A great many of her students have gone on to musical careers as professional performers and teachers, and a number have become successful solo concert artists. One of Lack's former students, Frank Huang, is currently the concertmaster of the New York Philharmonic; he won the top prize at the highly prestigious Naumburg Competition in 2003, has performed as a soloist with major orchestras, and made a critically acclaimed recording debut on Naxos Records. Lack student Eden MacAdam-Somer is the co-chair of the New England Conservatory’s Contemporary Improvisation department and lead singer and violinist of the Klezmer Conservatory Band (KCB). Brett Deubner, David Mazzeo, Pálína Árnadóttir, Joyce Hammann, Mariko Inaba, Anabel Ramirez, Gloria Justen, Sharman Plesner, William Pu, Gregory Ewer, Beverly Shin, Maurice Sklar, Martin Valdeschack, Chuong Vu, and Zuo Jun are among other Lack students who have had successful concert careers. Lack also taught numerous sessions at the Meadowmount School of Music, an annual summer program in Upstate New York that was founded and for many years was directed by Lack's former mentor Ivan Galamian.

During her performing career, Lack played the "Baron Deurbroucq" violin, made in 1727 by Antonio Stradivari. Her bow was crafted by François Tourte. The violin's current official owner is listed as an anonymous private collector. However, the instrument is actively played by the renowned Dutch violinist Janine Jansen, who uses it on loan from Beare's International Violin Society.

==Personal==
Lack was married to Ralph Eichhorn, a gastroenterologist, from 1947 until his death in 2014. She did not use her married name, Eichhorn, professionally. Lack had a daughter, a son, and several grandchildren. She was an active advocate for animal welfare.

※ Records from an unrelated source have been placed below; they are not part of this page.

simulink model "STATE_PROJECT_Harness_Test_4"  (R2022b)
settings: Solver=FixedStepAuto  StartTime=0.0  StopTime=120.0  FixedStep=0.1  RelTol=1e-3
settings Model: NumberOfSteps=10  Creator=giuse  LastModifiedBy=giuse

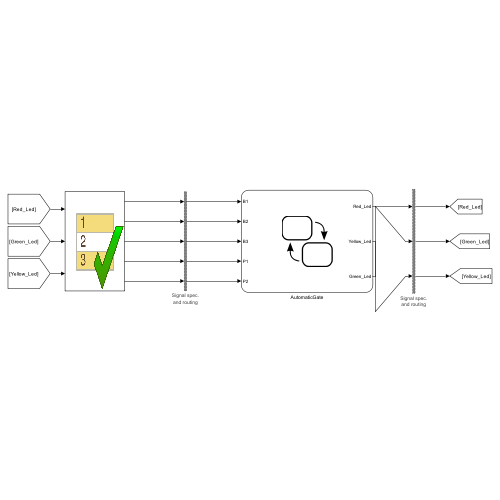
[thumbnail: Simulink's stored preview of the top-level diagram]
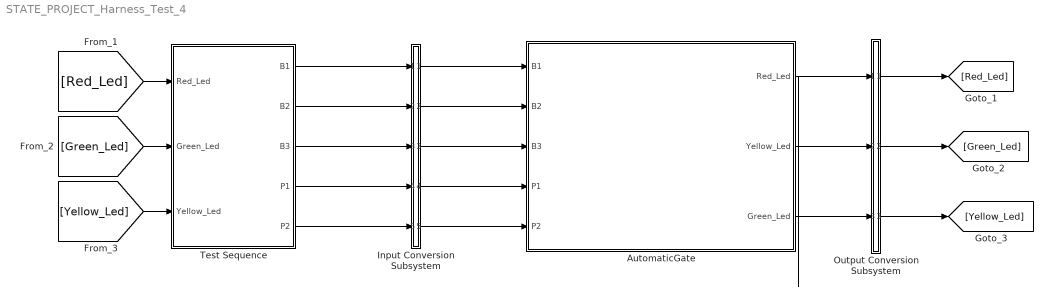
== system STATE_PROJECT_Harness_Test_4 ==
  AutomaticGate : Stateflow chart  TreatAsAtomicUnit=on
      settings: PortSchema="{\"entries\":[{\"content\":{\"sides\":[{\"content\":{\"connectorIds\":[\"In1\",\"In2\",\"In3\",\"In4\",\"In5\"]},\"type\":\"ConnectorPlacement.EquallySpacedRectSide\",\"uuid\":\"b9ac80a2-bb7a-47d7-8c7f-6386963f3ff2\"},{\"content\":{\"connectorIds\":[\"Out1\",\"Out3\",\"Out2\"],\"side\":\"RIGHT\"},\"type\":\"ConnectorPlacement.EquallySpacedRectSide\",\"uuid\":\"565990b0-d594-46a7-8ea3-0c7443a62f81\"},{\"content\":{\"connectorIds\":[],\"side\":\"TOP\"},\"type\":\"ConnectorPlacement.EquallySpacedRectSide\",\"uuid\":\"d7a99aca-bf8f-44a8-855e-79befe08fc9b\"}]},\"type\":\"ConnectorPlacement.EquallySpacedConnector\",\"uuid\":\"af0d90d0-169d-45ca-9585-d3b64258f7d0\"}],\"packageUris\":[\"http://schema.mathworks.com/mf0/Connector/R2020b\"],\"version\":\"1.0\"}"
  Input Conversion Subsystem : Subsystem  Tag=__SLT_ICS__  Description=|
      | Signal spec.
      | and routing
      settings: AttributesFormatString=%<Description>
  Output Conversion Subsystem : Subsystem  Tag=__SLT_OCS__  Description=|
      | Signal spec.
      | and routing
      settings: AttributesFormatString=%<Description>
  Test Sequence : Test Sequence  TreatAsAtomicUnit=on
  wires:
  Test Sequence/1(B1) -> Input Conversion Subsystem/1(Inport_1)
  Test Sequence/2(B2) -> Input Conversion Subsystem/2(Inport_2)
  Test Sequence/3(B3) -> Input Conversion Subsystem/3(Inport_3)
  Test Sequence/4(P1) -> Input Conversion Subsystem/4(Inport_4)
  Test Sequence/5(P2) -> Input Conversion Subsystem/5(Inport_5)
  [Red_Led] -> Test Sequence/1(Red_Led)
  [Green_Led] -> Test Sequence/2(Green_Led)
  [Yellow_Led] -> Test Sequence/3(Yellow_Led)
  Output Conversion Subsystem/1(Outport_1) -> [Red_Led]
  Output Conversion Subsystem/2(Outport_2) -> [Green_Led]
  Output Conversion Subsystem/3(Outport_3) -> [Yellow_Led]
  Input Conversion Subsystem/1(Outport_1) -> AutomaticGate/1(B1)
  Input Conversion Subsystem/2(Outport_2) -> AutomaticGate/2(B2)
  Input Conversion Subsystem/3(Outport_3) -> AutomaticGate/3(B3)
  Input Conversion Subsystem/4(Outport_4) -> AutomaticGate/4(P1)
  Input Conversion Subsystem/5(Outport_5) -> AutomaticGate/5(P2)
  AutomaticGate/1(Red_Led) -> Output Conversion Subsystem/1(Inport_1)
  AutomaticGate/2(Green_Led) -> Output Conversion Subsystem/2(Inport_2)
  AutomaticGate/3(Yellow_Led) -> Output Conversion Subsystem/3(Inport_3)

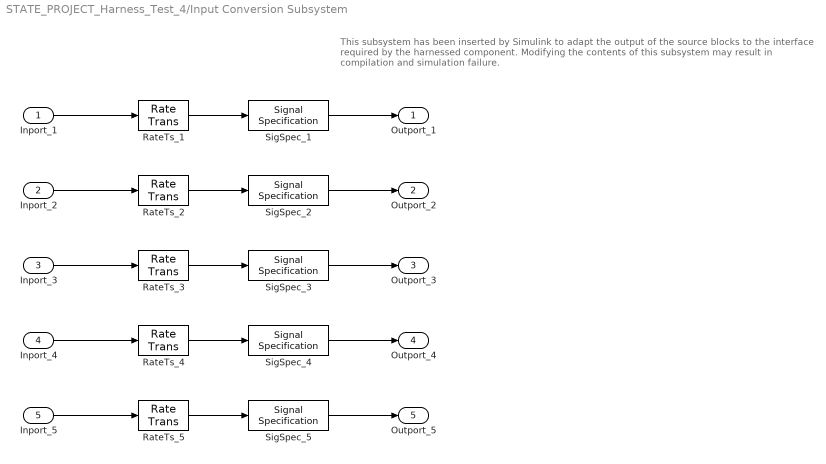
== system STATE_PROJECT_Harness_Test_4/Input Conversion Subsystem ==
  note: This subsystem has been inserted by Simulink to adapt the output of the source blocks to the interface required by the harnessed component.
      |  Modifying the contents of this subsystem may result in compilation and simulation failure.
  Inport_1 : Inport
  Inport_2 : Inport  Port=2
  Inport_3 : Inport  Port=3
  Inport_4 : Inport  Port=4
  Inport_5 : Inport  Port=5
  RateTs_{1..3,5} (4 alike) : RateTransition  OutPortSampleTime=0.1
  RateTs_4 : RateTransition  OutPortSampleTime=[-1, 0]
  SigSpec_{1..3,5} (4 alike) : SignalSpecification  OutDataTypeStr=double  Dimensions=[1]  SampleTime=0.1
  SigSpec_4 : SignalSpecification  OutDataTypeStr=double  Dimensions=[1]  SampleTime=[-1, 0]
  Outport_1 : Outport
  Outport_2 : Outport  Port=2
  Outport_3 : Outport  Port=3
  Outport_4 : Outport  Port=4
  Outport_5 : Outport  Port=5
  wires:
  SigSpec_1/1 -> Outport_1/1
  RateTs_1/1 -> SigSpec_1/1
  Inport_1/1 -> RateTs_1/1
  SigSpec_2/1 -> Outport_2/1
  RateTs_2/1 -> SigSpec_2/1
  Inport_2/1 -> RateTs_2/1
  SigSpec_3/1 -> Outport_3/1
  RateTs_3/1 -> SigSpec_3/1
  Inport_3/1 -> RateTs_3/1
  SigSpec_4/1 -> Outport_4/1
  RateTs_4/1 -> SigSpec_4/1
  Inport_4/1 -> RateTs_4/1
  SigSpec_5/1 -> Outport_5/1
  RateTs_5/1 -> SigSpec_5/1
  Inport_5/1 -> RateTs_5/1

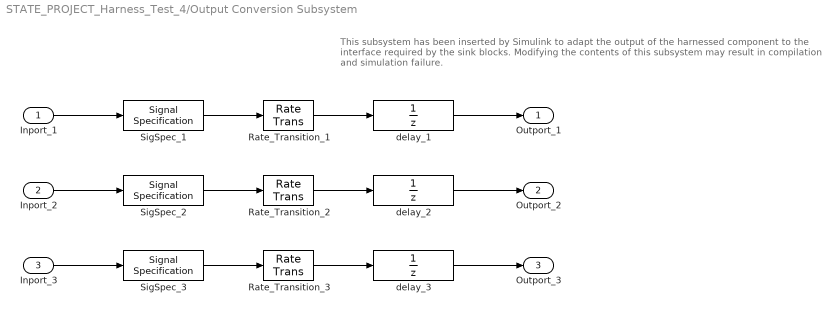
== system STATE_PROJECT_Harness_Test_4/Output Conversion Subsystem ==
  note: This subsystem has been inserted by Simulink to adapt the output of the harnessed component to the interface required by the sink blocks.
      |  Modifying the contents of this subsystem may result in compilation and simulation failure.
  Inport_1 : Inport
  Inport_2 : Inport  Port=2
  Inport_3 : Inport  Port=3
  Rate_Transition_1 : RateTransition  OutPortSampleTimeOpt=Inherit
  Rate_Transition_2 : RateTransition  OutPortSampleTimeOpt=Inherit
  Rate_Transition_3 : RateTransition  OutPortSampleTimeOpt=Inherit
  SigSpec_1 : SignalSpecification  OutDataTypeStr=double  Dimensions=[1]  SampleTime=0.1
  SigSpec_2 : SignalSpecification  OutDataTypeStr=double  Dimensions=[1]  SampleTime=0.1
  SigSpec_3 : SignalSpecification  OutDataTypeStr=double  Dimensions=[1]  SampleTime=0.1
  delay_1 : UnitDelay  SampleTime=-1
  delay_2 : UnitDelay  SampleTime=-1
  delay_3 : UnitDelay  SampleTime=-1
  Outport_1 : Outport
  Outport_2 : Outport  Port=2
  Outport_3 : Outport  Port=3
  wires:
  Inport_1/1 -> SigSpec_1/1
  SigSpec_1/1 -> Rate_Transition_1/1
  Rate_Transition_1/1 -> delay_1/1
  delay_1/1 -> Outport_1/1
  Inport_2/1 -> SigSpec_2/1
  SigSpec_2/1 -> Rate_Transition_2/1
  Rate_Transition_2/1 -> delay_2/1
  delay_2/1 -> Outport_2/1
  Inport_3/1 -> SigSpec_3/1
  SigSpec_3/1 -> Rate_Transition_3/1
  Rate_Transition_3/1 -> delay_3/1
  delay_3/1 -> Outport_3/1

== stateflow chart STATE_PROJECT_Harness_Test_4/AutomaticGate ==
  state AUTOMATIC_GATE_LOGIC
    state AUTOMATIC_GATE [parallel]
      settings: executionOrder=4
      state EMERGENCY_P1_CLOSED
        state GREEN_OFF
          en:
          Green_Led = LED_OFF;
          Yellow_Led = LED_OFF;
          Red_Led = LED_OFF;
        state GREEN_ON
          en:
          Green_Led = LED_ON;
          Yellow_Led = LED_OFF;
          Red_Led = LED_OFF;
        AUTOMATIC_GATE_LOGIC.AUTOMATIC_GATE.EMERGENCY_P1_CLOSED.GREEN_ON -> AUTOMATIC_GATE_LOGIC.AUTOMATIC_GATE.EMERGENCY_P1_CLOSED.GREEN_OFF : [after(GREEN_DUR,sec)]
        AUTOMATIC_GATE_LOGIC.AUTOMATIC_GATE.EMERGENCY_P1_CLOSED.GREEN_OFF -> AUTOMATIC_GATE_LOGIC.AUTOMATIC_GATE.EMERGENCY_P1_CLOSED.GREEN_ON : [after(GREEN_DUR,sec)]
        (default) -> AUTOMATIC_GATE_LOGIC.AUTOMATIC_GATE.EMERGENCY_P1_CLOSED.GREEN_ON
      state CLOSED
        en:
        Green_Led = LED_OFF;
        Yellow_Led = LED_OFF;
        Red_Led = LED_OFF;
        state WORK_DUR_SETTING [parallel]
          settings: executionOrder=2
          state WORK_DUR_SETTING_INTERNAL
          (default) -> WORK_DUR_SETTING_INTERNAL
          WORK_DUR_SETTING_INTERNAL -> WORK_DUR_SETTING_INTERNAL : B3_pressed{WORK_DUR = mod((WORK_DUR),120) +10;}
        state OPEN_DUR_SETTING [parallel]
          settings: executionOrder=1
          state OPEN_DUR_SETTING_INTERNAL
          OPEN_DUR_SETTING_INTERNAL -> OPEN_DUR_SETTING_INTERNAL : B2_pressed{OPEN_DUR = mod((OPEN_DUR),120) + 10;}
        (default) -> WORK_DUR_SETTING [order 2]
        (default) -> OPEN_DUR_SETTING [order 1]
      state OPENING
        state YELLOW_OFF
          en:
          Green_Led = LED_OFF;
          Yellow_Led = LED_OFF;
          Red_Led = LED_OFF;
        state YELLOW_ON
          en:
          Green_Led = LED_OFF;
          Yellow_Led = LED_ON;
          Red_Led = LED_OFF;
        AUTOMATIC_GATE_LOGIC.AUTOMATIC_GATE.OPENING.YELLOW_ON -> AUTOMATIC_GATE_LOGIC.AUTOMATIC_GATE.OPENING.YELLOW_OFF : [after(YELLOW_DUR,sec)]
        AUTOMATIC_GATE_LOGIC.AUTOMATIC_GATE.OPENING.YELLOW_OFF -> AUTOMATIC_GATE_LOGIC.AUTOMATIC_GATE.OPENING.YELLOW_ON : [after(YELLOW_DUR,sec)]
        (default) -> AUTOMATIC_GATE_LOGIC.AUTOMATIC_GATE.OPENING.YELLOW_ON
      state EMERGENCY
        en:
        Green_Led = LED_OFF;
        Yellow_Led = LED_OFF;
        Red_Led = LED_OFF;
      state EMERGENCY_LED
        en:
        Green_Led = LED_OFF;
        Yellow_Led = LED_OFF;
        Red_Led = LED_ON;
      state CLOSING
        state YELLOW_OFF
          en:
          Green_Led = LED_OFF;
          Yellow_Led = LED_OFF;
          Red_Led = LED_OFF;
        state YELLOW_ON
          en:
          Green_Led = LED_OFF;
          Yellow_Led = LED_ON;
          Red_Led = LED_OFF;
        AUTOMATIC_GATE_LOGIC.AUTOMATIC_GATE.CLOSING.YELLOW_ON -> AUTOMATIC_GATE_LOGIC.AUTOMATIC_GATE.CLOSING.YELLOW_OFF : [after(YELLOW_DUR,sec)]
        AUTOMATIC_GATE_LOGIC.AUTOMATIC_GATE.CLOSING.YELLOW_OFF -> AUTOMATIC_GATE_LOGIC.AUTOMATIC_GATE.CLOSING.YELLOW_ON : [after(YELLOW_DUR,sec)]
        (default) -> AUTOMATIC_GATE_LOGIC.AUTOMATIC_GATE.CLOSING.YELLOW_ON
      state OPEN
        en:
        Green_Led = LED_ON;
        Yellow_Led = LED_ON;
        Red_Led = LED_ON;
      state EMERGENCY_P1_OPEN
        state GREEN_OFF
          en:
          Green_Led = LED_OFF;
          Yellow_Led = LED_OFF;
          Red_Led = LED_OFF;
        state GREEN_ON
          en:
          Green_Led = LED_ON;
          Yellow_Led = LED_OFF;
          Red_Led = LED_OFF;
        AUTOMATIC_GATE_LOGIC.AUTOMATIC_GATE.EMERGENCY_P1_OPEN.GREEN_ON -> AUTOMATIC_GATE_LOGIC.AUTOMATIC_GATE.EMERGENCY_P1_OPEN.GREEN_OFF : [after(GREEN_DUR,sec)]
        AUTOMATIC_GATE_LOGIC.AUTOMATIC_GATE.EMERGENCY_P1_OPEN.GREEN_OFF -> AUTOMATIC_GATE_LOGIC.AUTOMATIC_GATE.EMERGENCY_P1_OPEN.GREEN_ON : [after(GREEN_DUR,sec)]
        (default) -> AUTOMATIC_GATE_LOGIC.AUTOMATIC_GATE.EMERGENCY_P1_OPEN.GREEN_ON
      CLOSED -> EMERGENCY_P1_CLOSED [order 1] : [B1_pressed && P1 == P_ON]
      EMERGENCY_P1_CLOSED -> CLOSED : [P1 == P_OFF || after(EMER_P1_DUR,sec)]
      CLOSED -> OPENING [order 2] : B1_pressed
      EMERGENCY -> CLOSED [order 2] : [P2 == P_ON]
      EMERGENCY_LED -> CLOSED : [P2 == P_ON]
      CLOSING -> CLOSED [order 1] : [P2 == P_ON]
      EMERGENCY -> EMERGENCY_LED [order 1] : [after(EMER_DUR,sec)]
      CLOSING -> EMERGENCY [order 3] : [after(WORK_DUR,sec)]
      OPENING -> CLOSING [order 1] : [B1_pressed && P1 == P_OFF]
      CLOSING -> OPENING [order 2] : [B1_pressed || P1 == P_ON]
      OPENING -> OPEN [order 2] : [after(WORK_DUR,sec)]
      (default) -> CLOSING
      OPEN -> CLOSING [order 1] : [after(OPEN_DUR,sec) || B1_pressed]
      EMERGENCY_P1_OPEN -> OPEN : [P1 == P_OFF || after(EMER_P1_DUR,sec)]
      OPEN -> EMERGENCY_P1_OPEN [order 2] : [B1_pressed && P1 == P_ON]
    state B1 [parallel]
      settings: executionOrder=1
      state RELEASED
      state PRESSED
      state LONGPRESSED
        send(B1_pressed)
      (default) -> AUTOMATIC_GATE_LOGIC.B1.RELEASED
      AUTOMATIC_GATE_LOGIC.B1.RELEASED -> AUTOMATIC_GATE_LOGIC.B1.PRESSED : [B1==BUTTON_ON]
      AUTOMATIC_GATE_LOGIC.B1.LONGPRESSED -> AUTOMATIC_GATE_LOGIC.B1.RELEASED : [B1 == BUTTON_OFF]
      AUTOMATIC_GATE_LOGIC.B1.PRESSED -> AUTOMATIC_GATE_LOGIC.B1.LONGPRESSED : [B1 == BUTTON_OFF]
    state B3 [parallel]
      settings: executionOrder=2
      state RELEASED
      state PRESSED
      state LONGPRESSED
        send(B3_pressed)
      (default) -> AUTOMATIC_GATE_LOGIC.B3.RELEASED
      AUTOMATIC_GATE_LOGIC.B3.RELEASED -> AUTOMATIC_GATE_LOGIC.B3.PRESSED : [B3==BUTTON_ON]
      AUTOMATIC_GATE_LOGIC.B3.LONGPRESSED -> AUTOMATIC_GATE_LOGIC.B3.RELEASED : [B3 == BUTTON_OFF]
      AUTOMATIC_GATE_LOGIC.B3.PRESSED -> AUTOMATIC_GATE_LOGIC.B3.LONGPRESSED : [B3== BUTTON_OFF]
    state B2 [parallel]
      settings: executionOrder=3
      state RELEASED
      state PRESSED
      state LONGPRESSED
        send(B2_pressed)
      (default) -> AUTOMATIC_GATE_LOGIC.B2.RELEASED
      AUTOMATIC_GATE_LOGIC.B2.RELEASED -> AUTOMATIC_GATE_LOGIC.B2.PRESSED : [B2==BUTTON_ON]
      AUTOMATIC_GATE_LOGIC.B2.LONGPRESSED -> AUTOMATIC_GATE_LOGIC.B2.RELEASED : [B2 == BUTTON_OFF]
      AUTOMATIC_GATE_LOGIC.B2.PRESSED -> AUTOMATIC_GATE_LOGIC.B2.LONGPRESSED : [B2 == BUTTON_OFF]
    (default) -> AUTOMATIC_GATE [order 1]
    (default) -> B1 [order 2]
    (default) -> B3 [order 4]
    (default) -> B2 [order 3]
  data: B1 input; B2 input; B3 input; Red_Led output; Green_Led output; Yellow_Led output; P1 input; P2 input; BUTTON_OFF constant double =0; WORK_DUR local =10; P_ON constant double =1; P_OFF constant double =0; OPEN_DUR local =10; LED_ON constant double =1; LED_OFF constant double =0; BUTTON_ON constant double =1; EMER_DUR constant double =10; YELLOW_DUR constant double =1; GREEN_DUR constant double =0.5; EMER_P1_DUR constant double =30
  events: B1_pressed local RISING_EDGE_EVENT; B2_pressed local FUNCTION_CALL_EVENT; B3_pressed local FUNCTION_CALL_EVENT

== stateflow chart STATE_PROJECT_Harness_Test_4/Test Sequence ==
  settings: updateMethod=DISCRETE  sampleTime=0.1
  state Run
    %% Initialize data outputs.
    B1 = 0;
    B2 = 0;
    B3 = 0;
    P1 = 0;
    P2 = 0;
    settings: description=Inizializzazione degli input
  state Test_closing_state
    settings: description=Test dello sato di chiusura intercendo gli stati del Led_Yellow
    state Test_closing_state_1
      verify(Yellow_Led == 1, 'TEST FAILED');
      settings: description=Yellow_Led == ON
    state Test_closing_state_2
      verify(Yellow_Led == 0, 'TEST FAILED');
      settings: description=Yellow_Led == OFF
    (default) -> Test_closing_state_1
    Test_closing_state_1 -> Test_closing_state_2 : [
        | after(1,sec)
        | ]
    Test_closing_state_2 -> Test_closing_state_1 : [
        | after(1,sec)
        | ]
  state Start_test_P1
    P1=1;
    settings: description=|
        | Inizializzazione variabile per andare nello stato di OPENING, a cusa dell'ostacolo
        | davanti a P1
  state Test_opening_state
    settings: description=Test dello sato di apertura intercendo gli stati del Led_Yellow
    state Start_test_opening_1
      verify(Yellow_Led == 1, 'TEST FAILED');
      settings: description=Yellow_Led == ON
    state Start_test_opening_2
      verify(Yellow_Led == 0, 'TEST FAILED');
      settings: description=Yellow_Led == OFF
    (default) -> Start_test_opening_1
    Start_test_opening_1 -> Start_test_opening_2 : [
        | after(1,sec)
        | ]
    Start_test_opening_2 -> Start_test_opening_1 : [
        | after(1,sec)
        | ]
  state Test_open_state
    verify(Green_Led == 1, 'TEST FAILED');
    verify(Yellow_Led == 1, 'TEST FAILED');
    verify(Red_Led == 1, 'TEST FAILED');
    settings: description=Testinf dello stato OPEN verificando che tutti i led sono accesi
  state Test_change_P1
    P1=0;
    settings: description=Inizializzazione sensore P1 a 0 per togliere l'ostacolo
  state Start_test_closing_state
    settings: description="Genera fronte di salita e discesa del pulsante B1 per cambiare da stato OPEN  A CLOSING"
    state Start_test_closing_state_1
      B1=1;
      settings: description=B1 = 1
    state Start_test_closing_state_2
      B1=0;
      settings: description=B1 = 0
    (default) -> Start_test_closing_state_1
    Start_test_closing_state_1 -> Start_test_closing_state_2 : [
        | after(0.1,sec)
        | ]
    Start_test_closing_state_2 -> Start_test_closing_state_1 : [
        | after(0.1,sec)
        | ]
  (default) -> Run
  Run -> Test_closing_state
  (junction 97) -> Test_closing_state
  (junction 99) -> (junction 97)
  Test_closing_state -> Start_test_P1 : [
      | after(5,sec)
      | ]
  Start_test_P1 -> Test_opening_state : [
      | true
      | ]
  Test_opening_state -> Test_open_state : [
      | after(10,sec)
      | ]
  Test_open_state -> Test_change_P1 : [
      | after(1,sec)
      | ]
  Test_change_P1 -> Start_test_closing_state : [
      | true
      | ]
  Start_test_closing_state -> (junction 99) : [
      | after(0.2,sec)
      | ]
  data: Red_Led input double size=[1]; Green_Led input double size=[1]; Yellow_Led input double size=[1]; B1 output double size=[1]; B2 output double size=[1]; B3 output double size=[1]; P1 output double size=[1]; P2 output double size=[1]

She died in Houston on August 20, 2017, aged 95.

==Selected discography==
- Prokofiev: Violin Concerto No. 2 in G minor. RCA MARH 2314. (1940s?)
- Violin Sonatas by Copland and Hindemith. With Leonid Hambro, piano. Allegro AL 33; reissued as Allegro LEG 9001. (1950)
- Sonatas by Tartini and Corelli. With Fernando Valenti, harpsichord. Allegro AL 94. (1950)
- Schubert: Sonata in A major. With Leonid Hambro, piano. Allegro AL 22; Allegro Elite 4042. (1951)
- Mendelssohn: Violin Concerto in E minor, Op. 64. With the New York Philharmonic (billed as the Stadium Symphony Orchestra). Music Appreciation MAR 92; reissued as World Record Club T-5 (1953? [original release])
- Jacobi: Ballade for Violin and Piano; String Quartet No. 3. With Irene Jacobi, piano, and Lyric Art Quartet. CRI 146; remastered and re-released on CRI CD703. (1961; re-release 1995)
- Violin Concertos by Shostakovich and Szymanowski. With the Berlin Symphony Orchestra. Vox Cum Laude D-VCL 9008 and VCS 9008; also MMG MCD 10013. (recorded 1980; released 1981)
- Szymanowski: Concerto No. 2 and Sonata, Op. 9. With Berlin Symphony Orchestra and Albert Hirsh, piano. Vox Cum Laude VCL-9061; VCS-9061. (recorded 1980, 1982; released 1984)
- Sonatas for Violin and Piano by Corigliano, Diamond, Lees, and Mennin. With Albert Hirsh, piano, and Barry Snyder, piano. Bay Cities CD BCD 1018. (1990)
- Martinů: The Violin Sonatas. With Timothy Hester, piano, and Leon Spierer, violin. Centaur CRC 2276. (recorded 1993; released 1996)
- Horvit: "Aleinu"; Fantasy ("The Daughters of Jerusalem") for Violin and Orchestra. With University of Houston Moores School of Music Chorale and Symphony Orchestra. Albany Troy 265 CD. (1997). The Fantasy was dedicated to Lack, who premiered the work in 1996.